The flow of an incompressible non-Newtonian fluid (blood) is described by the Navier-Stokes equation. The relative importance of inertial forces compared to viscous forces is given by the dimensionless Reynolds number R e=ρ b v 0 l/η with v 0 and l characteristic velocity and length scales of the blood flow under consideration. For the current study, blood density ρ b =1,060 kg/m3, the average blood velocity [23] v 0≈10 cm/s, blood vessel diameter [23] l≈3 mm, and dynamic viscosity of blood η≈3.5×10−3 kg/(m.s), the Reynolds number R e≈121, which is well within the laminar flow regime. When the Reynolds number is low, the Navier-Stokes equation is

$$ \rho_{b}\frac{\partial{\mathbf{u}_{b}}}{\partial t}+\rho_{b}\mathbf{u}_{b}\cdot\nabla\mathbf{u}_{b}=-\nabla p +\eta\nabla^{2}\mathbf{u}_{b}+F_{V} $$
((14))

where u b is blood velocity, p is the pressure, and F V is the volume force (N/m2).
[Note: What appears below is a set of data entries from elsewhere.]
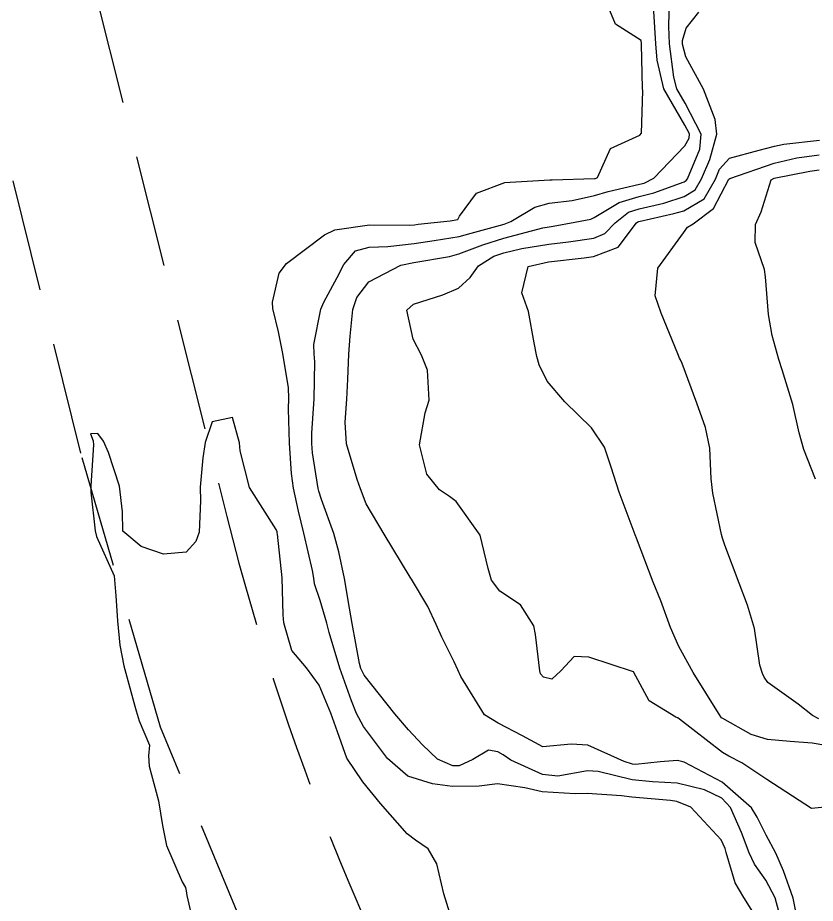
# Model space of a CAD drawing. Header units: metres. Extents: x 298520 to 308411, y 7433745 to 7450750.
# Drawn here: x 304811.06 to 304846.61, y 7439018.64 to 7439058.11 of the extents above; entities that cross this region are included whole.
import ezdxf

# ---------------------------------------------------------------- set-up
doc = ezdxf.new("R2010")
doc.units = ezdxf.units.M
doc.header["$LTSCALE"] = 10
doc.linetypes.add('DASHED', pattern=[0.75, 0.5, -0.25])
for name, color, linetype in [('Curvas de Nivel 1m', 11, 'Continuous'), ('Curvas de Nivel 5m', 15, 'Continuous'), ('Vias Secundárias', 230, 'DASHED')]:
    doc.layers.add(name, color=color, linetype=linetype)

msp = doc.modelspace()

# ---------------------------------------------------------------- linework, layer by layer
at = {"layer": 'Curvas de Nivel 1m', "flags": 128}
for points, elevation in [([(304844.371, 7439017.388), (304843.421, 7439018.895), (304843.043, 7439019.544), (304842.63, 7439020.907), (304842.586, 7439021.079), (304842.418, 7439021.465), (304841.063, 7439022.924), (304840.437, 7439023.18), (304840.155, 7439023.216), (304838.439, 7439023.368), (304837.976, 7439023.429), (304836.441, 7439023.538), (304835.91, 7439023.516), (304834.442, 7439023.606), (304833.668, 7439023.788), (304832.447, 7439023.966), (304831.621, 7439023.863), (304830.445, 7439023.837), (304829.549, 7439023.96), (304828.451, 7439024.309), (304827.537, 7439025.089), (304826.477, 7439026.519), (304826.157, 7439027.103), (304825.936, 7439027.661), (304825.426, 7439029.111), (304824.943, 7439030.702), (304824.837, 7439031.117), (304824.543, 7439032.135), (304824.295, 7439032.869), (304824.258, 7439033.124), (304824.208, 7439033.476), (304823.817, 7439035.131), (304823.57, 7439036.112), (304823.349, 7439037.139), (304823.262, 7439037.793), (304823.18, 7439039.142), (304823.134, 7439040.655), (304823.149, 7439041.143), (304823.128, 7439041.613), (304822.876, 7439043.147), (304822.687, 7439044.104), (304822.438, 7439045.153), (304822.425, 7439045.433), (304822.719, 7439046.724), (304823.043, 7439047.145), (304824.736, 7439048.433), (304825.203, 7439048.65), (304826.741, 7439048.879), (304828.532, 7439048.864), (304828.741, 7439048.881), (304828.909, 7439048.901), (304830.341, 7439049.054), (304830.679, 7439049.115), (304830.746, 7439049.269), (304831.511, 7439050.293), (304832.769, 7439050.755), (304833.016, 7439050.779), (304834.771, 7439050.879), (304834.886, 7439050.884), (304836.772, 7439050.938), (304836.807, 7439050.945), (304836.9, 7439050.979), (304837.487, 7439052.271), (304838.792, 7439052.875), (304838.861, 7439052.959), (304838.918, 7439054.852), (304838.913, 7439054.949), (304838.868, 7439056.925), (304838.869, 7439056.95), (304838.844, 7439057.091), (304837.703, 7439057.819), (304837.233, 7439058.974)], 716), ([(304845.927, 7439017.307), (304845.614, 7439018.868), (304845.194, 7439020.083), (304844.854, 7439020.876), (304844.421, 7439021.677), (304844.022, 7439022.479), (304843.758, 7439022.89), (304842.45, 7439024.043), (304840.757, 7439024.927), (304840.464, 7439025.005), (304839.687, 7439024.942), (304838.596, 7439024.823), (304838.461, 7439024.835), (304838.093, 7439024.964), (304836.47, 7439025.68), (304835.723, 7439025.735), (304834.469, 7439025.608), (304833.555, 7439026.095), (304832.479, 7439026.671), (304831.87, 7439027.036), (304830.805, 7439028.75), (304830.674, 7439029.048), (304830.516, 7439029.406), (304829.962, 7439030.494), (304829.707, 7439031.062), (304829.334, 7439031.861), (304828.607, 7439033.079), (304828.554, 7439033.169), (304827.4, 7439035.092), (304826.596, 7439036.439), (304826.338, 7439037.103), (304826.192, 7439037.519), (304825.715, 7439039.109), (304825.663, 7439040.085), (304825.736, 7439041.109), (304825.77, 7439042.001), (304825.827, 7439043.108), (304825.881, 7439043.912), (304825.999, 7439045.107), (304826.181, 7439045.632), (304826.715, 7439046.333), (304828.135, 7439047.079), (304828.724, 7439047.202), (304830.312, 7439047.469), (304830.728, 7439047.58), (304831.795, 7439047.977), (304832.735, 7439048.275), (304834.471, 7439048.735), (304834.741, 7439048.79), (304834.925, 7439048.814), (304835.888, 7439048.989), (304836.6, 7439049.127), (304836.746, 7439049.197), (304837.861, 7439049.865), (304838.761, 7439050.141), (304839.412, 7439050.302), (304840.771, 7439050.793), (304840.856, 7439050.845), (304840.906, 7439050.929), (304841.456, 7439052.253), (304841.522, 7439052.923), (304840.813, 7439054.292), (304840.444, 7439054.934), (304840.307, 7439055.456), (304840.105, 7439056.937), (304840.078, 7439057.71), (304840.116, 7439058.937)], 718), ([(304844.984, 7439018.274), (304844.826, 7439018.876), (304844.401, 7439019.675), (304843.898, 7439020.378), (304843.655, 7439020.891), (304843.326, 7439021.8), (304842.836, 7439022.904), (304842.439, 7439023.324), (304841.67, 7439023.693), (304840.449, 7439023.989), (304839.35, 7439024.046), (304838.451, 7439024.144), (304836.925, 7439024.506), (304836.456, 7439024.54), (304835.139, 7439024.307), (304834.454, 7439024.378), (304833.043, 7439025.021), (304832.692, 7439025.253), (304832.466, 7439025.385), (304832.043, 7439025.458), (304831.35, 7439025.041), (304830.739, 7439024.766), (304830.459, 7439024.768), (304829.775, 7439025.06), (304829.097, 7439025.699), (304828.476, 7439026.374), (304827.863, 7439027.086), (304826.508, 7439028.802), (304826.357, 7439029.102), (304826.3, 7439029.318), (304825.974, 7439031.106), (304825.851, 7439031.796), (304825.621, 7439033.109), (304825.378, 7439034.305), (304825.153, 7439035.114), (304824.598, 7439036.633), (304824.478, 7439036.999), (304824.449, 7439037.122), (304824.204, 7439038.711), (304824.166, 7439039.127), (304824.17, 7439039.587), (304824.268, 7439041.126), (304824.311, 7439042.767), (304824.281, 7439043.126), (304824.264, 7439043.542), (304824.568, 7439045.122), (304824.706, 7439045.436), (304825.302, 7439046.529), (304825.603, 7439047.111), (304826.116, 7439047.719), (304826.731, 7439047.884), (304827.557, 7439047.913), (304828.733, 7439048.047), (304829.623, 7439048.172), (304830.736, 7439048.362), (304831.278, 7439048.504), (304832.742, 7439048.912), (304833.033, 7439049.026), (304834.105, 7439049.658), (304834.755, 7439049.838), (304835.78, 7439049.967), (304836.761, 7439050.177), (304837.374, 7439050.364), (304838.769, 7439050.687), (304838.988, 7439050.738), (304839.409, 7439050.95), (304840.788, 7439052.393), (304840.98, 7439052.74), (304841, 7439052.928), (304840.799, 7439053.314), (304839.863, 7439054.94), (304839.563, 7439056.216), (304839.499, 7439056.943), (304839.411, 7439058.391)], 717), ([(304848.234, 7439023.044), (304846.433, 7439022.86), (304844.452, 7439024.156), (304843.336, 7439024.897), (304842.752, 7439025.192), (304842.467, 7439025.361), (304840.561, 7439026.85), (304840.483, 7439026.905), (304840.462, 7439026.91), (304840.396, 7439026.931), (304839.203, 7439027.662), (304838.503, 7439028.96), (304836.512, 7439029.601), (304835.868, 7439029.631), (304835.273, 7439028.992), (304834.866, 7439028.63), (304834.5, 7439028.71), (304834.369, 7439028.87), (304834.327, 7439029.003), (304834.144, 7439030.621), (304834.061, 7439031.007), (304833.472, 7439031.945), (304832.548, 7439032.548), (304832.178, 7439033.034), (304832.034, 7439033.562), (304831.672, 7439035.039), (304830.598, 7439036.539), (304830.31, 7439036.765), (304829.864, 7439037.061), (304829.3, 7439037.76), (304828.963, 7439039.075), (304829.218, 7439040.491), (304829.398, 7439041.063), (304829.333, 7439042.396), (304829.065, 7439043.066), (304828.684, 7439043.777), (304828.403, 7439045.075), (304828.706, 7439045.333), (304830.015, 7439045.751), (304830.713, 7439046.049), (304831.233, 7439046.53), (304831.6, 7439047.041), (304832.285, 7439047.476), (304832.729, 7439047.629), (304833.526, 7439047.814), (304834.733, 7439048.009), (304835.604, 7439048.121), (304836.736, 7439048.288), (304837.227, 7439048.486), (304837.694, 7439048.97), (304838.281, 7439049.434), (304838.752, 7439049.588), (304839.852, 7439049.848), (304840.761, 7439050.137), (304841.254, 7439050.437), (304841.541, 7439050.922), (304841.91, 7439051.79), (304842.213, 7439052.916), (304842.151, 7439053.568), (304841.618, 7439054.922), (304840.837, 7439056.37), (304840.692, 7439056.932), (304840.689, 7439057.087), (304840.85, 7439057.637), (304841.424, 7439058.357)], 719), ([(304846.766, 7439026.857), (304846.484, 7439027.005), (304845.85, 7439027.506), (304844.499, 7439028.471), (304844.331, 7439028.713), (304844.253, 7439028.884), (304844.14, 7439029.254), (304843.895, 7439030.89), (304843.579, 7439031.93), (304843.217, 7439032.9), (304842.578, 7439034.605), (304842.472, 7439034.911), (304842.426, 7439035.07), (304842.034, 7439036.916), (304841.965, 7439037.56), (304841.912, 7439038.917), (304841.708, 7439039.848), (304841.327, 7439040.923), (304840.671, 7439042.693), (304840.598, 7439042.857), (304840.559, 7439042.932), (304840.476, 7439043.133), (304839.736, 7439044.945), (304839.472, 7439045.71), (304839.584, 7439046.947), (304840.739, 7439048.525), (304840.905, 7439048.765), (304841.164, 7439048.926), (304842.065, 7439049.606), (304842.76, 7439050.91), (304842.802, 7439050.938), (304844.78, 7439051.625), (304845.788, 7439051.864), (304846.784, 7439051.989)], 721), ([(304846.61, 7439037.537), (304846.094, 7439038.865), (304845.89, 7439039.612), (304845.602, 7439040.871), (304845.129, 7439042.415), (304844.983, 7439042.877), (304844.689, 7439043.945), (304844.515, 7439044.883), (304844.391, 7439046.557), (304844.338, 7439046.886), (304843.932, 7439048.089), (304843.937, 7439048.892), (304844.19, 7439049.45), (304844.647, 7439050.882), (304844.774, 7439050.953), (304846.367, 7439051.274), (304846.778, 7439051.334)], 722)]:
    msp.add_lwpolyline(points, dxfattribs=dict(at, elevation=elevation))
at = {"layer": 'Curvas de Nivel 5m', "flags": 128}
for points, elevation in [([(304847.771, 7439025.546), (304846.472, 7439025.769), (304845.495, 7439025.848), (304844.473, 7439025.934), (304843.748, 7439026.164), (304842.483, 7439026.869), (304842.433, 7439026.91), (304842.287, 7439027.11), (304841.169, 7439028.923), (304840.52, 7439030.076), (304840.151, 7439030.936), (304839.717, 7439032.115), (304839.385, 7439032.948), (304838.637, 7439034.904), (304838.621, 7439034.959), (304838.612, 7439034.988), (304838.584, 7439035.054), (304837.869, 7439036.967), (304837.514, 7439038.071), (304837.21, 7439038.974), (304836.636, 7439039.833), (304835.443, 7439040.992), (304834.662, 7439041.902), (304834.301, 7439042.638), (304834.192, 7439043.007), (304834.077, 7439043.614), (304833.822, 7439045.013), (304833.533, 7439045.84), (304833.813, 7439047.014), (304834.725, 7439047.233), (304836.302, 7439047.41), (304836.728, 7439047.462), (304837.817, 7439047.884), (304838.638, 7439048.961), (304838.693, 7439049.011), (304838.744, 7439049.029), (304840.308, 7439049.378), (304840.751, 7439049.5), (304841.651, 7439050.03), (304842.157, 7439050.916), (304842.339, 7439051.352), (304842.782, 7439051.841), (304844.102, 7439052.206), (304844.788, 7439052.378), (304845.198, 7439052.467), (304846.791, 7439052.65)], 720), ([(304830.377, 7439018.007), (304830.058, 7439019.055), (304829.739, 7439020.393), (304829.354, 7439021.066), (304828.787, 7439021.445), (304828.419, 7439021.729), (304827.231, 7439023.092), (304826.447, 7439024.051), (304825.73, 7439025.107), (304825.312, 7439026.274), (304825.016, 7439027.115), (304824.501, 7439028.353), (304823.936, 7439029.129), (304823.284, 7439029.902), (304822.917, 7439031.144), (304822.891, 7439031.499), (304822.85, 7439033.146), (304822.645, 7439035.087), (304822.631, 7439035.149), (304822.622, 7439035.188), (304822.584, 7439035.302), (304821.395, 7439037.162), (304820.979, 7439038.806), (304820.943, 7439039.167), (304820.64, 7439040.292), (304819.723, 7439040.093), (304819.411, 7439039.182), (304819.312, 7439038.487), (304819.195, 7439037.184), (304819.204, 7439036.577), (304819.158, 7439035.184), (304819.006, 7439034.756), (304818.569, 7439034.293), (304817.568, 7439034.205), (304816.573, 7439034.535), (304815.748, 7439035.228), (304815.735, 7439036.085), (304815.603, 7439037.23), (304815.117, 7439038.736), (304814.892, 7439039.237), (304814.628, 7439039.58), (304814.307, 7439039.566), (304814.42, 7439039.243), (304814.449, 7439039.071), (304814.318, 7439037.244), (304814.323, 7439036.967), (304814.521, 7439035.241), (304814.579, 7439034.99), (304815.361, 7439033.232), (304815.439, 7439032.336), (304815.504, 7439031.23), (304815.608, 7439030.143), (304815.79, 7439029.227), (304816.291, 7439027.417), (304816.337, 7439027.221), (304816.478, 7439026.763), (304816.943, 7439025.688), (304816.892, 7439025.216), (304816.916, 7439024.756), (304817.336, 7439023.211), (304817.523, 7439022.108), (304817.689, 7439021.207), (304818.397, 7439019.598), (304818.538, 7439019.341), (304818.568, 7439019.197), (304818.604, 7439018.982), (304819.011, 7439017.19)], 715)]:
    msp.add_lwpolyline(points, dxfattribs=dict(at, elevation=elevation))
at = {"layer": 'Vias Secundárias'}
for points in [[(304770.667, 7439247.553), (304776.521, 7439228.827), (304782.872, 7439203.001), (304791.845, 7439164.182), (304797.289, 7439133.628), (304804.551, 7439101.634), (304812.715, 7439066.458), (304820.379, 7439035.884, 0.038134), (304825.822, 7439019.558, 0.051572), (304841.466, 7438990.998, -0.05251), (304852.87, 7438970.086, -0.060927)], [(304848.904, 7438963.208, 0.006078), (304841.187, 7438981.813, 0.024282), (304838.581, 7438987.154), (304829.948, 7439000.13), (304821.169, 7439017.478), (304817.426, 7439026.488), (304813.878, 7439038.706), (304808.183, 7439061.604), (304801.832, 7439091.236), (304794.45, 7439122.624), (304788.652, 7439148.136), (304782.855, 7439175.812), (304774.445, 7439212.817), (304768.281, 7439235.066), (304765.52, 7439241.636)]]:
    msp.add_lwpolyline(points, format="xyb", dxfattribs=at)

doc.saveas('drawing.dxf')

The momentum transfer from MNPs to the fluid is incorporated by setting the volume force term equal to the magnetic force and the drag force. This term couples the fluid flow equation with the static magnetic field equation.

There are several models explaining the rheology of blood. The comparison of five non-Newtonian models for blood viscosity as well as a Newtonian model in the flow simulation were considered by Johnson and colleagues [29]. Given the discussion and results in Ref. [29], it was concluded that the Generalised Power Law model [30] fitted the experimental stress-strain measurements over the wide range of strain rates (\(\dot {\gamma }\)), \(0.1<\dot {\gamma }<1000\,\,\mathrm {s}^{-1}\). The Generalised Power Law model, in addition, also encapsulates the behaviours of many of the other blood models. It is Newtonian [29] at high strain rates and behaves like the Power Law model [31] at low strain rates. Moreover, it has Casson [32] and Carreau [31] models as special cases. Therefore, the rheology of blood in our model was described using a generalized power law model [30]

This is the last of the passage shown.